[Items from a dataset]

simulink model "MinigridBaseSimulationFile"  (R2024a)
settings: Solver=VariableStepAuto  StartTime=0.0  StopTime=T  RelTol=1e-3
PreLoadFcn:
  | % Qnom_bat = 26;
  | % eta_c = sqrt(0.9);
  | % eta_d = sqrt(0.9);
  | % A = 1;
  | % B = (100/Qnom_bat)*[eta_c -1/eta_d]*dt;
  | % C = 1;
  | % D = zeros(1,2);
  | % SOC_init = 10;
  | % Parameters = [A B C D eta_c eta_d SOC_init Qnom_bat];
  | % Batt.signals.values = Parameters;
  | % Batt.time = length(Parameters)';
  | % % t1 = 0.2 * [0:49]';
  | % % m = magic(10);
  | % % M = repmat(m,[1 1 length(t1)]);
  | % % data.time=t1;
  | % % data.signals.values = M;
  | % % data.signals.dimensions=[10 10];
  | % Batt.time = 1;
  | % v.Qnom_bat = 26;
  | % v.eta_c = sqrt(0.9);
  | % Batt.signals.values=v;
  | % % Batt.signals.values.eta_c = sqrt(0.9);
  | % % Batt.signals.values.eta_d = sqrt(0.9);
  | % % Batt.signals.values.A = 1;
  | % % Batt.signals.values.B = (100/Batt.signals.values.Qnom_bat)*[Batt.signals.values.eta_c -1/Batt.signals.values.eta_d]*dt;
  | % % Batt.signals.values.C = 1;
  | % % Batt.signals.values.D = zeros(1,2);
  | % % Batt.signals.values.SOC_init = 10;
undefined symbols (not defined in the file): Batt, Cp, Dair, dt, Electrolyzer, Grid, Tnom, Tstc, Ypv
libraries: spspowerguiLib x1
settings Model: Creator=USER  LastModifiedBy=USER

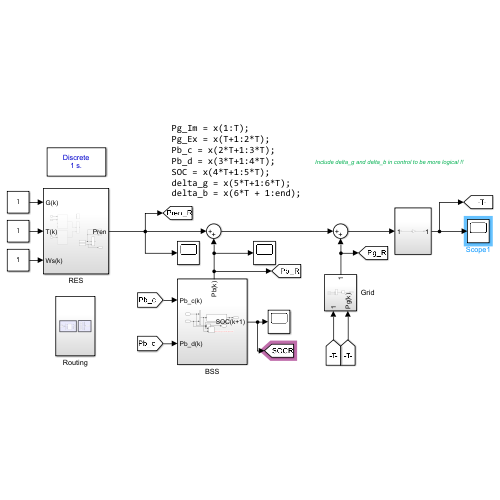
[thumbnail: Simulink's stored preview of the top-level diagram]
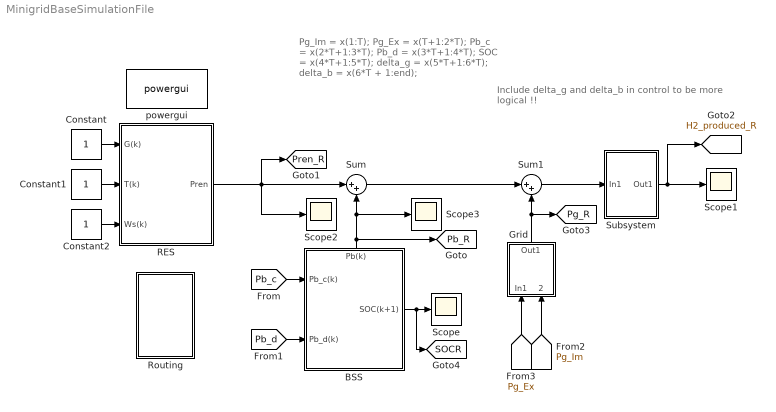
== system MinigridBaseSimulationFile ==
  note: Include delta_g and delta_b in control to be more logical !!
  note: Pg_Im = x(1:T);
      | Pg_Ex = x(T+1:2*T);
      | Pb_c = x(2*T+1:3*T);
      | Pb_d = x(3*T+1:4*T);
      | SOC = x(4*T+1:5*T);
      | delta_g = x(5*T+1:6*T);
      | delta_b = x(6*T + 1:end);
  BSS : Subsystem
      settings: PortSchema="{\"entries\":[{\"content\":{\"sides\":[{\"content\":{\"connectorIds\":[\"In1\",\"In2\"]},\"type\":\"ConnectorPlacement.EquallySpacedRectSide\",\"uuid\":\"4f2f7840-7969-468f-9b1c-20bf7095da3f\"},{\"content\":{\"connectorIds\":[\"Out1\"],\"side\":\"RIGHT\"},\"type\":\"ConnectorPlacement.EquallySpacedRectSide\",\"uuid\":\"5dca09d0-6cdb-46ae-891e-ce586056a4b2\"},{\"content\":{\"connectorIds\":[\"Out2\"],\"side\":\"TOP\"},\"type\":\"ConnectorPlacement.EquallySpacedRectSide\",\"uuid\":\"4e61ad00-dc85-42bf-b5e4-3229965ea073\"}]},\"type\":\"ConnectorPlacement.EquallySpacedConnector\",\"uuid\":\"822e1b7e-7a8b-4020-ad13-8f17d1212f4b\"}],\"packageUris\":[\"http://schema.mathworks.com/mf0/Connector/R2020b\"],\"version\":\"1.0\"}"
  Constant : Constant
  Constant1 : Constant
  Constant2 : Constant
  Grid : Subsystem
  RES : Subsystem
  Routing : Subsystem
  Scope{,1..3} (4 alike) : Scope
  Subsystem : Subsystem
  Sum : Sum  Inputs=|++
  Sum1 : Sum  Inputs=|++
  powergui : spspowerguiLib/powergui  Priority=1  SimulationMode=Discrete  SampleTime=dt  frequency=60  Iterations=50  frequencyindice=60  Pbase=100e6  ErrMax=1e-4  UnitsV=kV  UnitsW=MW  buscounter=0  FunctionMessages=off  echomessages=off  EnableUseOfTLC=off  CurrentSourceSwitches=off  DisableSnubberDevices=off  DisableRonSwitches=off  DisableVfSwitches=off  DisplayEquations=off  AutomaticDiscreteSolvers=off  SolverType=Tustin/Backward Euler (TBE)  Interpol=off  ExternalGateDelay=off  methode=off  Ts=100  x0status=blocks  SPID=on  SwTol=0  HookPort=off  NonlinearTolerance=1e-4  nMaxIteration=100  ContinueOnMaxIteration=off  RestoreLinks=warning  ResistiveCurrentMeasurement=off  Frange=[0:2:500]  Ylog=off  Xlog=on  ShowGrid=off  save=off  variable=ZData  structure=0  ZoomFFT=off  StartTime=0.0  cycles=1  DisplayStyle=1  fundamental=60  FreqAxis=off  MaxFrequency=1000  frequencyindicesteady=1  RmsSteady=1  display=off
  tag scope: H2_produced_R=global, Pb_R=global, Pg_R=global, Pren_R=global, SOCR=global
  wires:
  BSS/1(SOC(k+1)) -> [SOCR], Scope/1
  BSS/2(Pb(k)) -> Scope3/1, Sum/2, [Pb_R]
  RES/1(Pren) -> [Pren_R], Scope2/1, Sum/1
  Sum/1 -> Sum1/1
  Grid/1(Out1) -> [Pg_R], Sum1/2
  Sum1/1 -> Subsystem/1(In1)
  Constant/1 -> RES/1(G(k))
  Constant2/1 -> RES/3(Ws(k))
  Constant1/1 -> RES/2(T(k))
  Subsystem/1(Out1) -> [H2_produced_R], Scope1/1
  [Pg_Im] -> Grid/2(Pg(k))
  [Pb_c] -> BSS/1(Pb_c(k))
  [Pb_d] -> BSS/2(Pb_d(k))
  [Pg_Ex] -> Grid/1(In1)

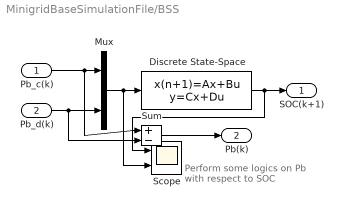
== system MinigridBaseSimulationFile/BSS ==
  note: Perform some logics on Pb with respect to SOC
  Pb_c(k) : Inport
  Pb_d(k) : Inport  Port=2
  Discrete State-Space : DiscreteStateSpace  A=Batt.signals.values(1)  B=Batt.signals.values(2:3)  C=Batt.signals.values(4)  D=Batt.signals.values(5:6)  InitialCondition=Batt.signals.values(7)  SampleTime=-1
  Mux : Mux  Inputs=2
  Scope : Scope  NumInputPorts=2
  Sum : Sum  Inputs=|+-
  SOC(k+1) : Outport
  Pb(k) : Outport  Port=2
  wires:
  Pb_c(k)/1 -> Sum/1, Mux/1
  Pb_d(k)/1 -> Sum/2, Mux/2
  Mux/1 -> Scope/2, Discrete State-Space/1
  Sum/1 -> Pb(k)/1
  Discrete State-Space/1 -> Scope/1, SOC(k+1)/1

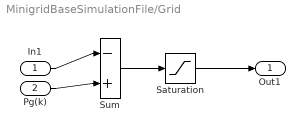
== system MinigridBaseSimulationFile/Grid ==
  In1 : Inport
  Pg(k) : Inport  Port=2
  Saturation : Saturate  UpperLimit=Grid.Pgrid_max  LowerLimit=Grid.Pgrid_min
  Sum : Sum  Inputs=|-+
  Out1 : Outport
  wires:
  Pg(k)/1 -> Sum/2
  Saturation/1 -> Out1/1
  In1/1 -> Sum/1
  Sum/1 -> Saturation/1

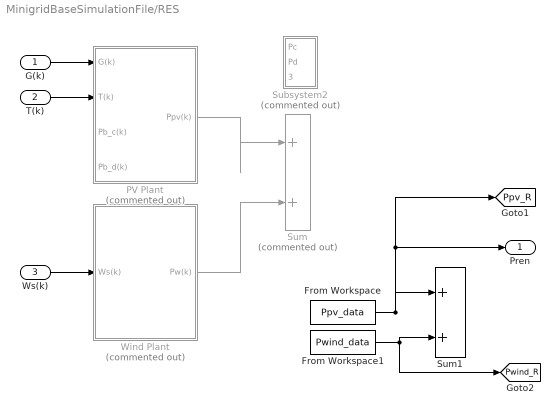
== system MinigridBaseSimulationFile/RES ==
  G(k) : Inport
  T(k) : Inport  Port=2
  Ws(k) : Inport  Port=3
  From Workspace : FromWorkspace  VariableName=Ppv_data  SampleTime=dt
  From Workspace1 : FromWorkspace  VariableName=Pwind_data  SampleTime=dt
  PV Plant : Subsystem  Commented=on
  Subsystem2 : Subsystem  Commented=on
  Sum : Sum  Commented=on  Inputs=|++
  Sum1 : Sum  Inputs=|++
  Wind Plant : Subsystem  Commented=on
  Pren : Outport
  tag scope: Ppv_R=global, Pwind_R=global
  wires:
  PV Plant/1(Ppv(k)) -> Sum/1
  G(k)/1 -> PV Plant/1(G(k))
  Ws(k)/1 -> Wind Plant/1(Ws(k))
  T(k)/1 -> PV Plant/2(T(k))
  Wind Plant/1(Pw(k)) -> Sum/2
  From Workspace1/1 -> [Pwind_R], Sum1/2
  From Workspace/1 -> [Ppv_R], Pren/1, Sum1/1

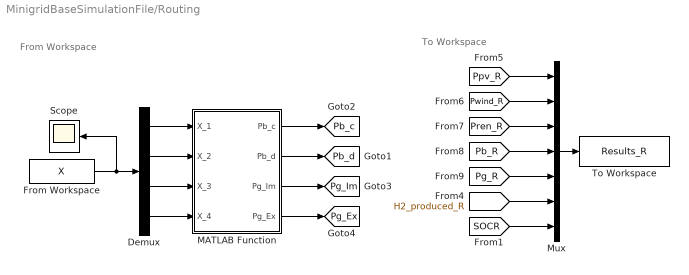
== system MinigridBaseSimulationFile/Routing ==
  note: From Workspace
  note: To Workspace
  Demux : Demux
  From Workspace : FromWorkspace  VariableName=X  SampleTime=dt
  MATLAB Function : MATLAB Function  TreatAsAtomicUnit=on
  Mux : Mux  Inputs=7
  Scope : Scope
  To Workspace : ToWorkspace  VariableName=Results_R  SampleTime=-1
  tag scope: Pb_c=global, Pb_d=global, Pg_Ex=global, Pg_Im=global
  wires:
  MATLAB Function/2(Pb_d) -> [Pb_d]
  MATLAB Function/4(Pg_Ex) -> [Pg_Ex]
  MATLAB Function/3(Pg_Im) -> [Pg_Im]
  MATLAB Function/1(Pb_c) -> [Pb_c]
  From Workspace/1 -> Demux/1, Scope/1
  Demux/1 -> MATLAB Function/1(X_1)
  Demux/2 -> MATLAB Function/2(X_2)
  Demux/3 -> MATLAB Function/3(X_3)
  Demux/4 -> MATLAB Function/4(X_4)
  [H2_produced_R] -> Mux/6
  [Pren_R] -> Mux/3
  [Pb_R] -> Mux/4
  [Ppv_R] -> Mux/1
  [Pg_R] -> Mux/5
  [Pwind_R] -> Mux/2
  Mux/1 -> To Workspace/1
  [SOCR] -> Mux/7

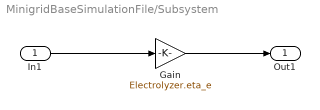
== system MinigridBaseSimulationFile/Subsystem ==
  In1 : Inport
  Gain : Gain  Gain=Electrolyzer.eta_e
  Out1 : Outport
  wires:
  In1/1 -> Gain/1
  Gain/1 -> Out1/1

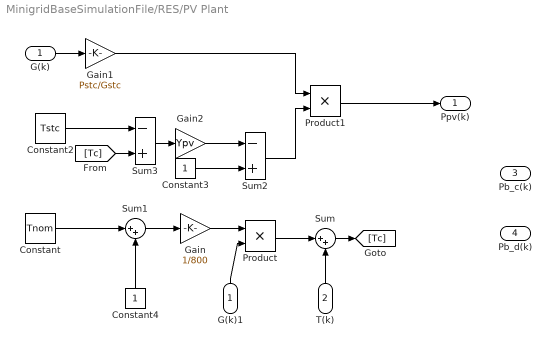
== system MinigridBaseSimulationFile/RES/PV Plant ==
  G(k) : Inport
  T(k) : Inport  Port=2
  Pb_c(k) : Inport  Port=3
  Pb_d(k) : Inport  Port=4
  Constant : Constant  Value=Tnom
  Constant2 : Constant  Value=Tstc
  Constant3 : Constant
  Constant4 : Constant
  G(k)1 : InportShadow
  Gain : Gain  Gain=1/800
  Gain1 : Gain  Gain=Pstc/Gstc
  Gain2 : Gain  Gain=Ypv
  Product : Product
  Product1 : Product
  Sum : Sum  Inputs=|++
  Sum1 : Sum  Inputs=|++
  Sum2 : Sum  Inputs=-+
  Sum3 : Sum  Inputs=-+
  Ppv(k) : Outport
  wires:
  Constant/1 -> Sum1/1
  Constant4/1 -> Sum1/2
  Sum1/1 -> Gain/1
  Gain/1 -> Product/1
  G(k)1/1 -> Product/2
  Product/1 -> Sum/1
  T(k)/1 -> Sum/2
  G(k)/1 -> Gain1/1
  Sum3/1 -> Gain2/1
  Gain2/1 -> Sum2/1
  Constant3/1 -> Sum2/2
  Product1/1 -> Ppv(k)/1
  Sum/1 -> [Tc]
  Constant2/1 -> Sum3/1
  [Tc] -> Sum3/2
  Sum2/1 -> Product1/2
  Gain1/1 -> Product1/1

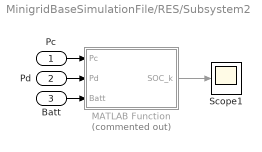
== system MinigridBaseSimulationFile/RES/Subsystem2 ==
  Pc : Inport
  Pd : Inport  Port=2
  Batt : Inport  Port=3
  MATLAB Function : MATLAB Function  Commented=on  TreatAsAtomicUnit=on
  Scope1 : Scope
  wires:
  MATLAB Function/1(SOC_k) -> Scope1/1
  Pd/1 -> MATLAB Function/2(Pd)
  Pc/1 -> MATLAB Function/1(Pc)
  Batt/1 -> MATLAB Function/3(Batt)

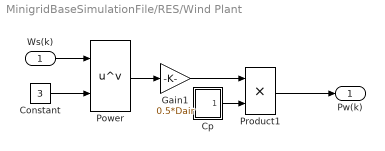
== system MinigridBaseSimulationFile/RES/Wind Plant ==
  Ws(k) : Inport
  Constant : Constant  Value=3
  Cp : Subsystem
  Gain1 : Gain  Gain=0.5*Dair
  Power : Math  Operator=pow
  Product1 : Product
  Pw(k) : Outport
  wires:
  Gain1/1 -> Product1/1
  Product1/1 -> Pw(k)/1
  Ws(k)/1 -> Power/1
  Power/1 -> Gain1/1
  Constant/1 -> Power/2
  Cp/1(Out1) -> Product1/2

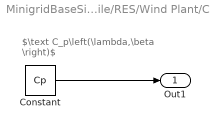
== system MinigridBaseSimulationFile/RES/Wind Plant/Cp ==
  note: $\text C_p\left(\lambda,\beta \right)$
  Constant : Constant  Value=Cp
  Out1 : Outport
  wires:
  Constant/1 -> Out1/1

== matlab function MinigridBaseSimulationFile/Routing/MATLAB Function ==
  data: X_1 input; Pb_c output; Pb_d output; Pg_Im output; Pg_Ex output; X_2 input; X_3 input; X_4 input
function [Pb_c, Pb_d, Pg_Im, Pg_Ex] = fcn(X_1, X_2, X_3, X_4)
    % x = X_.signals.values;
    Pg_Im = X_1; % X_1.signals.values(1);
    Pg_Ex = X_2; %X_2.signals.values(T+1);
    Pb_c = X_3; %X_3.signals.values(2*T+1);
    Pb_d = X_4; %X_4.signals.values(3*T+1);
    % SOC = x(4*T+1:5*T);
    % delta_g = x(5*T+1:6*T);
    % delta_b = x(6*T + 1:end);

== matlab function MinigridBaseSimulationFile/RES/Subsystem2/MATLAB Function ==
  data: Pc input; SOC_k output; Pd input; Batt input
function SOC_k = Battery(Pc, Pd, Batt)
persistent SOC_0

if isempty(SOC_0)
    SOC_0 = Batt.signals.values(7);
end

SOC_k = SOC_0 + (100/Batt.signals.values(10))*(Batt.signals.values(8)*Pc - Pd/Batt.signals.values(9))*dt;

▸ REQUIRED WORK:
When a line contains the string "note", count that line; once every line of the records has been checked, state the count alone.

▸ RESULT FOR THIS EXERCISE:
6